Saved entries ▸
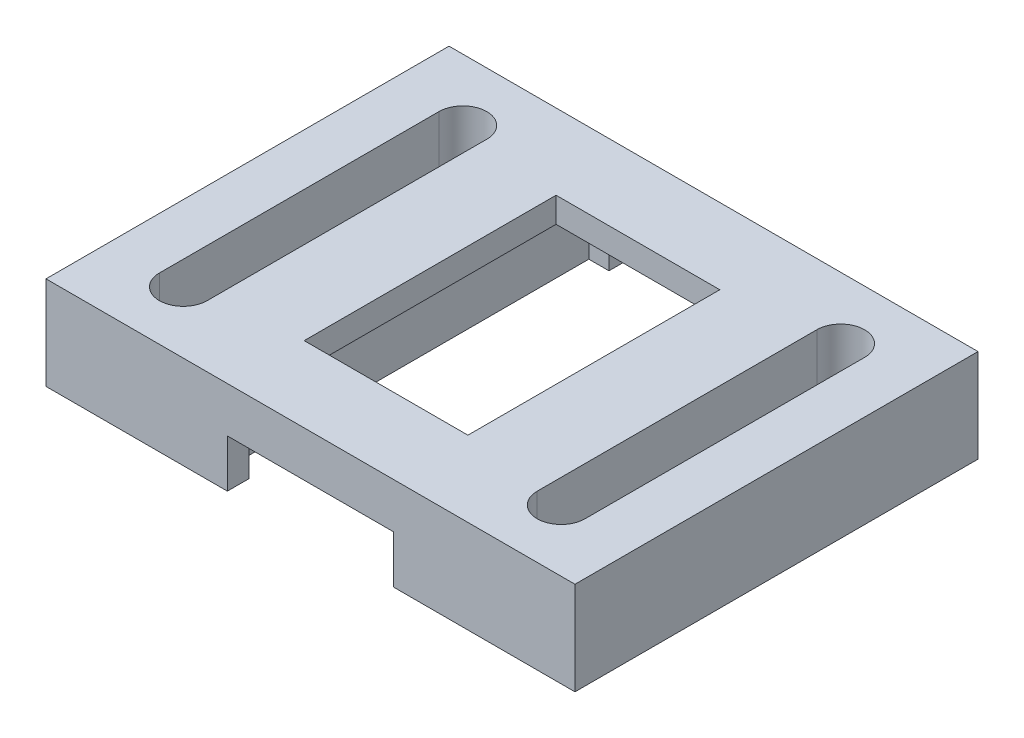
ISO-10303-21;
HEADER;
FILE_DESCRIPTION(('STEP AP214'),'2;1');
FILE_NAME('part.step','',(''),(''),'','','');
FILE_SCHEMA(('AUTOMOTIVE_DESIGN { 1 0 10303 214 1 1 1 1 }'));
ENDSEC;
DATA;
#1=APPLICATION_CONTEXT('core data for automotive mechanical design processes');
#2=APPLICATION_PROTOCOL_DEFINITION('international standard','automotive_design',2000,#1);
#3=PRODUCT_CONTEXT('',#1,'mechanical');
#4=PRODUCT('Part','Part','',(#3));
#5=PRODUCT_RELATED_PRODUCT_CATEGORY('part','',(#4));
#6=PRODUCT_DEFINITION_FORMATION('','',#4);
#7=PRODUCT_DEFINITION_CONTEXT('part definition',#1,'design');
#8=PRODUCT_DEFINITION('design','',#6,#7);
#9=PRODUCT_DEFINITION_SHAPE('','',#8);
#10=(LENGTH_UNIT() NAMED_UNIT(*) SI_UNIT(.MILLI.,.METRE.));
#11=(NAMED_UNIT(*) PLANE_ANGLE_UNIT() SI_UNIT($,.RADIAN.));
#12=(NAMED_UNIT(*) SI_UNIT($,.STERADIAN.) SOLID_ANGLE_UNIT());
#13=UNCERTAINTY_MEASURE_WITH_UNIT(LENGTH_MEASURE(1.E-05),#10,'distance_accuracy_value','');
#14=(GEOMETRIC_REPRESENTATION_CONTEXT(3) GLOBAL_UNCERTAINTY_ASSIGNED_CONTEXT((#13)) GLOBAL_UNIT_ASSIGNED_CONTEXT((#10,
#11,#12)) REPRESENTATION_CONTEXT('',''));
#15=CARTESIAN_POINT('',(0.,0.,0.));
#16=DIRECTION('',(0.,0.,1.));
#17=DIRECTION('',(1.,0.,0.));
#18=AXIS2_PLACEMENT_3D('',#15,#16,#17);
#19=CARTESIAN_POINT('',(0.,0.,0.));
#20=DIRECTION('',(0.,1.,0.));
#21=DIRECTION('',(0.,0.,1.));
#22=AXIS2_PLACEMENT_3D('',#19,#20,#21);
#23=PLANE('',#22);
#24=DIRECTION('',(1.,0.,0.));
#25=VECTOR('',#24,1.);
#26=CARTESIAN_POINT('',(-5.,0.,8.));
#27=LINE('',#26,#25);
#28=CARTESIAN_POINT('',(3.3,0.,8.));
#29=VERTEX_POINT('',#28);
#30=CARTESIAN_POINT('',(10.5,0.,8.));
#31=VERTEX_POINT('',#30);
#32=EDGE_CURVE('E426',#29,#31,#27,.T.);
#33=ORIENTED_EDGE('',*,*,#32,.F.);
#34=DIRECTION('',(0.,0.,1.));
#35=VECTOR('',#34,1.);
#36=CARTESIAN_POINT('',(3.3,0.,-8.));
#37=LINE('',#36,#35);
#38=CARTESIAN_POINT('',(3.3,0.,7.15));
#39=VERTEX_POINT('',#38);
#40=EDGE_CURVE('E345',#39,#29,#37,.T.);
#41=ORIENTED_EDGE('',*,*,#40,.F.);
#42=DIRECTION('',(-1.,0.,0.));
#43=VECTOR('',#42,1.);
#44=CARTESIAN_POINT('',(-4.1,0.,7.15));
#45=LINE('',#44,#43);
#46=CARTESIAN_POINT('',(4.1,0.,7.15));
#47=VERTEX_POINT('',#46);
#48=EDGE_CURVE('E397',#47,#39,#45,.T.);
#49=ORIENTED_EDGE('',*,*,#48,.F.);
#50=DIRECTION('',(0.,0.,1.));
#51=VECTOR('',#50,1.);
#52=CARTESIAN_POINT('',(4.1,0.,-7.15));
#53=LINE('',#52,#51);
#54=CARTESIAN_POINT('',(4.1,0.,-7.15));
#55=VERTEX_POINT('',#54);
#56=EDGE_CURVE('E380',#55,#47,#53,.T.);
#57=ORIENTED_EDGE('',*,*,#56,.F.);
#58=DIRECTION('',(1.,0.,0.));
#59=VECTOR('',#58,1.);
#60=CARTESIAN_POINT('',(-4.1,0.,-7.15));
#61=LINE('',#60,#59);
#62=CARTESIAN_POINT('',(3.3,0.,-7.15));
#63=VERTEX_POINT('',#62);
#64=EDGE_CURVE('E403',#63,#55,#61,.T.);
#65=ORIENTED_EDGE('',*,*,#64,.F.);
#66=CARTESIAN_POINT('',(3.3,0.,-8.));
#67=VERTEX_POINT('',#66);
#68=EDGE_CURVE('E342',#67,#63,#37,.T.);
#69=ORIENTED_EDGE('',*,*,#68,.F.);
#70=DIRECTION('',(-1.,0.,0.));
#71=VECTOR('',#70,1.);
#72=CARTESIAN_POINT('',(-5.,0.,-8.));
#73=LINE('',#72,#71);
#74=CARTESIAN_POINT('',(10.5,0.,-8.));
#75=VERTEX_POINT('',#74);
#76=EDGE_CURVE('E423',#75,#67,#73,.T.);
#77=ORIENTED_EDGE('',*,*,#76,.F.);
#78=DIRECTION('',(0.,0.,-1.));
#79=VECTOR('',#78,1.);
#80=CARTESIAN_POINT('',(10.5,0.,8.));
#81=LINE('',#80,#79);
#82=EDGE_CURVE('E251',#31,#75,#81,.T.);
#83=ORIENTED_EDGE('',*,*,#82,.F.);
#84=EDGE_LOOP('',(#33,#41,#49,#57,#65,#69,#77,#83));
#85=FACE_BOUND('',#84,.T.);
#86=CARTESIAN_POINT('',(7.5,0.,-5.55));
#87=DIRECTION('',(0.,-1.,0.));
#88=DIRECTION('',(0.,0.,1.));
#89=AXIS2_PLACEMENT_3D('',#86,#87,#88);
#90=CIRCLE('',#89,0.95);
#91=CARTESIAN_POINT('',(6.55,0.,-5.55));
#92=VERTEX_POINT('',#91);
#93=CARTESIAN_POINT('',(8.45,0.,-5.55));
#94=VERTEX_POINT('',#93);
#95=EDGE_CURVE('E229',#92,#94,#90,.T.);
#96=ORIENTED_EDGE('',*,*,#95,.F.);
#97=DIRECTION('',(0.,0.,-1.));
#98=VECTOR('',#97,1.);
#99=CARTESIAN_POINT('',(6.55,0.,-5.55));
#100=LINE('',#99,#98);
#101=CARTESIAN_POINT('',(6.55,0.,5.55));
#102=VERTEX_POINT('',#101);
#103=EDGE_CURVE('E221',#102,#92,#100,.T.);
#104=ORIENTED_EDGE('',*,*,#103,.F.);
#105=CARTESIAN_POINT('',(7.5,0.,5.55));
#106=DIRECTION('',(0.,-1.,0.));
#107=DIRECTION('',(0.,0.,1.));
#108=AXIS2_PLACEMENT_3D('',#105,#106,#107);
#109=CIRCLE('',#108,0.95);
#110=CARTESIAN_POINT('',(8.45,0.,5.55));
#111=VERTEX_POINT('',#110);
#112=EDGE_CURVE('E228',#111,#102,#109,.T.);
#113=ORIENTED_EDGE('',*,*,#112,.F.);
#114=DIRECTION('',(0.,0.,1.));
#115=VECTOR('',#114,1.);
#116=CARTESIAN_POINT('',(8.45,0.,-5.55));
#117=LINE('',#116,#115);
#118=EDGE_CURVE('E233',#94,#111,#117,.T.);
#119=ORIENTED_EDGE('',*,*,#118,.F.);
#120=EDGE_LOOP('',(#96,#104,#113,#119));
#121=FACE_BOUND('',#120,.T.);
#122=ADVANCED_FACE('F36',(#85,#121),#23,.F.);
#123=CARTESIAN_POINT('',(0.,3.7,0.));
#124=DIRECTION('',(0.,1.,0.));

What needs to be done ▸ Repeat every record above exactly. Omit the pictures.

Answer area ▸
ISO-10303-21;
HEADER;
FILE_DESCRIPTION(('STEP AP214'),'2;1');
FILE_NAME('part.step','',(''),(''),'','','');
FILE_SCHEMA(('AUTOMOTIVE_DESIGN { 1 0 10303 214 1 1 1 1 }'));
ENDSEC;
DATA;
#1=APPLICATION_CONTEXT('core data for automotive mechanical design processes');
#2=APPLICATION_PROTOCOL_DEFINITION('international standard','automotive_design',2000,#1);
#3=PRODUCT_CONTEXT('',#1,'mechanical');
#4=PRODUCT('Part','Part','',(#3));
#5=PRODUCT_RELATED_PRODUCT_CATEGORY('part','',(#4));
#6=PRODUCT_DEFINITION_FORMATION('','',#4);
#7=PRODUCT_DEFINITION_CONTEXT('part definition',#1,'design');
#8=PRODUCT_DEFINITION('design','',#6,#7);
#9=PRODUCT_DEFINITION_SHAPE('','',#8);
#10=(LENGTH_UNIT() NAMED_UNIT(*) SI_UNIT(.MILLI.,.METRE.));
#11=(NAMED_UNIT(*) PLANE_ANGLE_UNIT() SI_UNIT($,.RADIAN.));
#12=(NAMED_UNIT(*) SI_UNIT($,.STERADIAN.) SOLID_ANGLE_UNIT());
#13=UNCERTAINTY_MEASURE_WITH_UNIT(LENGTH_MEASURE(1.E-05),#10,'distance_accuracy_value','');
#14=(GEOMETRIC_REPRESENTATION_CONTEXT(3) GLOBAL_UNCERTAINTY_ASSIGNED_CONTEXT((#13)) GLOBAL_UNIT_ASSIGNED_CONTEXT((#10,
#11,#12)) REPRESENTATION_CONTEXT('',''));
#15=CARTESIAN_POINT('',(0.,0.,0.));
#16=DIRECTION('',(0.,0.,1.));
#17=DIRECTION('',(1.,0.,0.));
#18=AXIS2_PLACEMENT_3D('',#15,#16,#17);
#19=CARTESIAN_POINT('',(0.,0.,0.));
#20=DIRECTION('',(0.,1.,0.));
#21=DIRECTION('',(0.,0.,1.));
#22=AXIS2_PLACEMENT_3D('',#19,#20,#21);
#23=PLANE('',#22);
#24=DIRECTION('',(1.,0.,0.));
#25=VECTOR('',#24,1.);
#26=CARTESIAN_POINT('',(-5.,0.,8.));
#27=LINE('',#26,#25);
#28=CARTESIAN_POINT('',(3.3,0.,8.));
#29=VERTEX_POINT('',#28);
#30=CARTESIAN_POINT('',(10.5,0.,8.));
#31=VERTEX_POINT('',#30);
#32=EDGE_CURVE('E426',#29,#31,#27,.T.);
#33=ORIENTED_EDGE('',*,*,#32,.F.);
#34=DIRECTION('',(0.,0.,1.));
#35=VECTOR('',#34,1.);
#36=CARTESIAN_POINT('',(3.3,0.,-8.));
#37=LINE('',#36,#35);
#38=CARTESIAN_POINT('',(3.3,0.,7.15));
#39=VERTEX_POINT('',#38);
#40=EDGE_CURVE('E345',#39,#29,#37,.T.);
#41=ORIENTED_EDGE('',*,*,#40,.F.);
#42=DIRECTION('',(-1.,0.,0.));
#43=VECTOR('',#42,1.);
#44=CARTESIAN_POINT('',(-4.1,0.,7.15));
#45=LINE('',#44,#43);
#46=CARTESIAN_POINT('',(4.1,0.,7.15));
#47=VERTEX_POINT('',#46);
#48=EDGE_CURVE('E397',#47,#39,#45,.T.);
#49=ORIENTED_EDGE('',*,*,#48,.F.);
#50=DIRECTION('',(0.,0.,1.));
#51=VECTOR('',#50,1.);
#52=CARTESIAN_POINT('',(4.1,0.,-7.15));
#53=LINE('',#52,#51);
#54=CARTESIAN_POINT('',(4.1,0.,-7.15));
#55=VERTEX_POINT('',#54);
#56=EDGE_CURVE('E380',#55,#47,#53,.T.);
#57=ORIENTED_EDGE('',*,*,#56,.F.);
#58=DIRECTION('',(1.,0.,0.));
#59=VECTOR('',#58,1.);
#60=CARTESIAN_POINT('',(-4.1,0.,-7.15));
#61=LINE('',#60,#59);
#62=CARTESIAN_POINT('',(3.3,0.,-7.15));
#63=VERTEX_POINT('',#62);
#64=EDGE_CURVE('E403',#63,#55,#61,.T.);
#65=ORIENTED_EDGE('',*,*,#64,.F.);
#66=CARTESIAN_POINT('',(3.3,0.,-8.));
#67=VERTEX_POINT('',#66);
#68=EDGE_CURVE('E342',#67,#63,#37,.T.);
#69=ORIENTED_EDGE('',*,*,#68,.F.);
#70=DIRECTION('',(-1.,0.,0.));
#71=VECTOR('',#70,1.);
#72=CARTESIAN_POINT('',(-5.,0.,-8.));
#73=LINE('',#72,#71);
#74=CARTESIAN_POINT('',(10.5,0.,-8.));
#75=VERTEX_POINT('',#74);
#76=EDGE_CURVE('E423',#75,#67,#73,.T.);
#77=ORIENTED_EDGE('',*,*,#76,.F.);
#78=DIRECTION('',(0.,0.,-1.));
#79=VECTOR('',#78,1.);
#80=CARTESIAN_POINT('',(10.5,0.,8.));
#81=LINE('',#80,#79);
#82=EDGE_CURVE('E251',#31,#75,#81,.T.);
#83=ORIENTED_EDGE('',*,*,#82,.F.);
#84=EDGE_LOOP('',(#33,#41,#49,#57,#65,#69,#77,#83));
#85=FACE_BOUND('',#84,.T.);
#86=CARTESIAN_POINT('',(7.5,0.,-5.55));
#87=DIRECTION('',(0.,-1.,0.));
#88=DIRECTION('',(0.,0.,1.));
#89=AXIS2_PLACEMENT_3D('',#86,#87,#88);
#90=CIRCLE('',#89,0.95);
#91=CARTESIAN_POINT('',(6.55,0.,-5.55));
#92=VERTEX_POINT('',#91);
#93=CARTESIAN_POINT('',(8.45,0.,-5.55));
#94=VERTEX_POINT('',#93);
#95=EDGE_CURVE('E229',#92,#94,#90,.T.);
#96=ORIENTED_EDGE('',*,*,#95,.F.);
#97=DIRECTION('',(0.,0.,-1.));
#98=VECTOR('',#97,1.);
#99=CARTESIAN_POINT('',(6.55,0.,-5.55));
#100=LINE('',#99,#98);
#101=CARTESIAN_POINT('',(6.55,0.,5.55));
#102=VERTEX_POINT('',#101);
#103=EDGE_CURVE('E221',#102,#92,#100,.T.);
#104=ORIENTED_EDGE('',*,*,#103,.F.);
#105=CARTESIAN_POINT('',(7.5,0.,5.55));
#106=DIRECTION('',(0.,-1.,0.));
#107=DIRECTION('',(0.,0.,1.));
#108=AXIS2_PLACEMENT_3D('',#105,#106,#107);
#109=CIRCLE('',#108,0.95);
#110=CARTESIAN_POINT('',(8.45,0.,5.55));
#111=VERTEX_POINT('',#110);
#112=EDGE_CURVE('E228',#111,#102,#109,.T.);
#113=ORIENTED_EDGE('',*,*,#112,.F.);
#114=DIRECTION('',(0.,0.,1.));
#115=VECTOR('',#114,1.);
#116=CARTESIAN_POINT('',(8.45,0.,-5.55));
#117=LINE('',#116,#115);
#118=EDGE_CURVE('E233',#94,#111,#117,.T.);
#119=ORIENTED_EDGE('',*,*,#118,.F.);
#120=EDGE_LOOP('',(#96,#104,#113,#119));
#121=FACE_BOUND('',#120,.T.);
#122=ADVANCED_FACE('F36',(#85,#121),#23,.F.);
#123=CARTESIAN_POINT('',(0.,3.7,0.));
#124=DIRECTION('',(0.,1.,0.));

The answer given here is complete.